### TASK STATEMENT
Give back an exact repetition of the material below, from its first line through the line that contains "line L6 (0, 0) -> (5, -8.6603) construction", both included, minus the pictures.

### TASK INPUTS
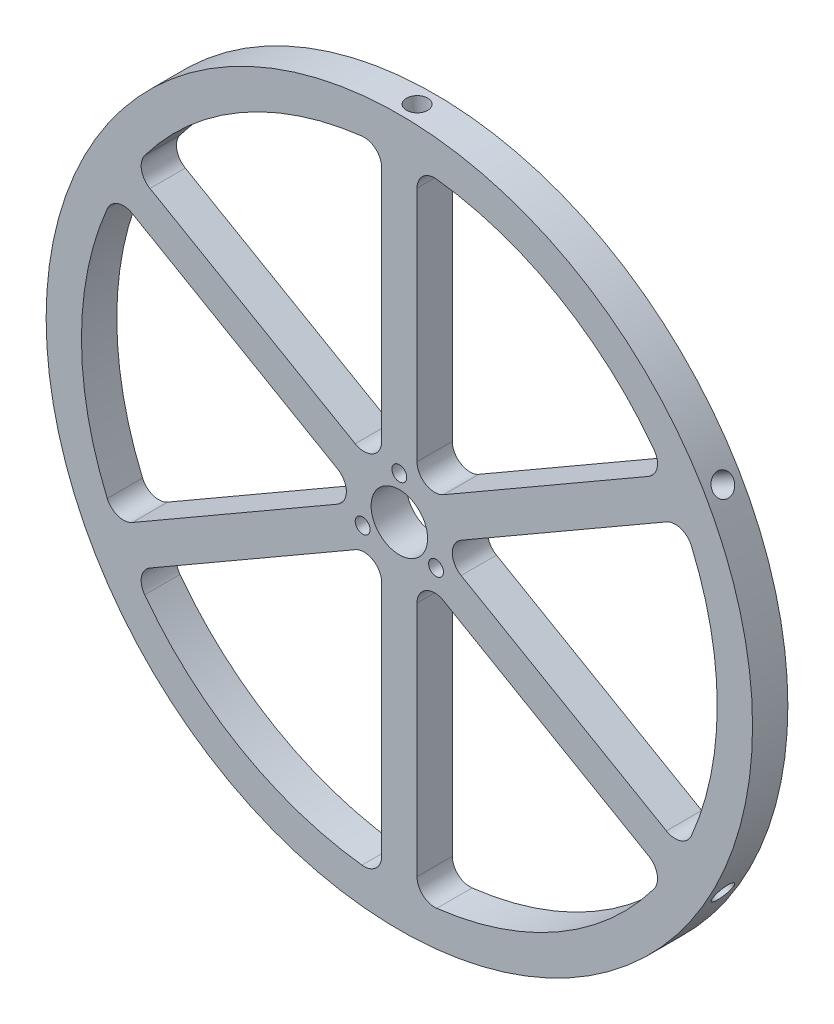
SolidWorks part; units mm, degrees
ref_plane "Front" through (0, 0, 0) normal (0, 0, 1) x (1, 0, 0)
ref_plane "Top" through (0, 0, 0) normal (0, 1, 0) x (1, 0, 0)
ref_plane "Right" through (0, 0, 0) normal (1, 0, 0) x (0, 0, -1)
sketch "Esquisse1" plane through (0, 0, 0) normal (0, 0, 1) x (1, 0, 0)
  circle A0 centre (0, 0) radius 100
  dimension "D1" = 200
extrude "Boss.-Extru.1" add sketch "Esquisse1" along normal blind 10
sketch "Esquisse2" plane through (0, 0, 10) normal (0, 0, 1) x (1, 0, 0)
  line L0 (0, 0) -> (10, 0) construction
  line L1 (10, 0) -> (80.3219, 40.6004)
  line L2 (80, 0) -> (10, 0) construction
  line L3 (10, 0) -> (80.3219, -40.6004)
  line L4 (5, -8.6603) -> (75.3219, -49.2606)
  line L5 (5, -8.6603) -> (5, -89.861)
  line L6 (0, 0) -> (5, -8.6603) construction
  line L7 (40, -69.282) -> (5, -8.6603) construction
  line L8 (-5, -8.6603) -> (-5, -89.861)
  line L9 (-5, -8.6603) -> (-75.3219, -49.2606)
  line L10 (0, 0) -> (-5, -8.6603) construction
  line L11 (-40, -69.282) -> (-5, -8.6603) construction
  line L12 (-10, 0) -> (-80.3219, -40.6004)
  line L13 (-10, 0) -> (-80.3219, 40.6004)
  line L14 (0, 0) -> (-10, 0) construction
  line L15 (-80, 0) -> (-10, 0) construction
  line L16 (-5, 8.6603) -> (-75.3219, 49.2606)
  line L17 (-5, 8.6603) -> (-5, 89.861)
  line L18 (0, 0) -> (-5, 8.6603) construction
  line L19 (-40, 69.282) -> (-5, 8.6603) construction
  line L20 (5, 8.6603) -> (5, 89.861)
  line L21 (5, 8.6603) -> (75.3219, 49.2606)
  line L22 (0, 0) -> (5, 8.6603) construction
  line L23 (40, 69.282) -> (5, 8.6603) construction
  arc A0 (80.3219, 40.6004) -> (80.3219, -40.6004) centre (0, 0) cw
  circle A1 centre (0, 0) radius 100 construction
  arc A2 (75.3219, -49.2606) -> (5, -89.861) centre (0, 0) cw
  arc A3 (-5, -89.861) -> (-75.3219, -49.2606) centre (0, 0) cw
  arc A4 (-80.3219, -40.6004) -> (-80.3219, 40.6004) centre (0, 0) cw
  arc A5 (-75.3219, 49.2606) -> (-5, 89.861) centre (0, 0) cw
  arc A6 (5, 89.861) -> (75.3219, 49.2606) centre (0, 0) cw
  point P30 (0, 0)
  dimension "D1" = 10
  dimension "D3" = 10
  dimension "D2" = 6
extrude "Enlèv. mat.-Extru.1" cut sketch "Esquisse2" against normal through all both and the other way through all
fillet "Congé1" radius 5 18 edges at (-5, 8.6603, 5) (-10, 0, 5) (-5, -8.6603, 5) (5, -8.6603, 5) (10, 0, 5) (80.3219, 40.6004, 5) (80.3219, -40.6004, 5) (75.3219, -49.2606, 5) (5, -89.861, 5) (-5, -89.861, 5) (-75.3219, -49.2606, 5) (-80.3219, -40.6004, 5) (-80.3219, 40.6004, 5) (-75.3219, 49.2606, 5) (-5, 89.861, 5) (5, 89.861, 5) (75.3219, 49.2606, 5) (5, 8.6603, 5)
sketch "Esquisse3" plane through (0, 0, 10) normal (0, 0, 1) x (1, 0, 0)
  circle A0 centre (0, 0) radius 8
  dimension "D1" = 16
extrude "Enlèv. mat.-Extru.2" cut sketch "Esquisse3" against normal through all both and the other way through all
sketch "Esquisse4" plane through (0, 0, 10) normal (0, 0, 1) x (1, 0, 0)
  line L0 (0, 0) -> (0, 12) construction
  line L1 (0, 0) -> (-10.3923, -6) construction
  line L2 (0, 0) -> (10.3923, -6) construction
  circle A0 centre (0, 12) radius 2.1
  circle A2 centre (10.3923, -6) radius 2.1
  circle A3 centre (-10.3923, -6) radius 2.1
  dimension "D1" = 4.2
  dimension "D2" = 12
  dimension "D3" = 120
  dimension "D4" = 120
extrude "Enlèv. mat.-Extru.3" cut sketch "Esquisse4" against normal through all both and the other way through all
sketch "Esquisse5" plane through (0, 0, 0) normal (0, 1, 0) x (0, 0, -1)
  line L0 (0, 0) -> (-10, 0) construction
  line L1 (0, -100) -> (0, 100) construction
  line L2 (-10, 100) -> (-10, -100) construction
  circle A0 centre (-5, 0) radius 3
  dimension "D1" = 6
extrude "Enlèv. mat.-Extru.4" cut sketch "Esquisse5" against normal blind 10 from offset 100
pattern_circular "Répétition circulaire1" count 6 over 360 about axis through (0, 0, 0) along (0, 0, 1) of "Enlèv. mat.-Extru.4"

### OUTPUT FOR THIS EXERCISE
SolidWorks part; units mm, degrees
ref_plane "Front" through (0, 0, 0) normal (0, 0, 1) x (1, 0, 0)
ref_plane "Top" through (0, 0, 0) normal (0, 1, 0) x (1, 0, 0)
ref_plane "Right" through (0, 0, 0) normal (1, 0, 0) x (0, 0, -1)
sketch "Esquisse1" plane through (0, 0, 0) normal (0, 0, 1) x (1, 0, 0)
  circle A0 centre (0, 0) radius 100
  dimension "D1" = 200
extrude "Boss.-Extru.1" add sketch "Esquisse1" along normal blind 10
sketch "Esquisse2" plane through (0, 0, 10) normal (0, 0, 1) x (1, 0, 0)
  line L0 (0, 0) -> (10, 0) construction
  line L1 (10, 0) -> (80.3219, 40.6004)
  line L2 (80, 0) -> (10, 0) construction
  line L3 (10, 0) -> (80.3219, -40.6004)
  line L4 (5, -8.6603) -> (75.3219, -49.2606)
  line L5 (5, -8.6603) -> (5, -89.861)
  line L6 (0, 0) -> (5, -8.6603) construction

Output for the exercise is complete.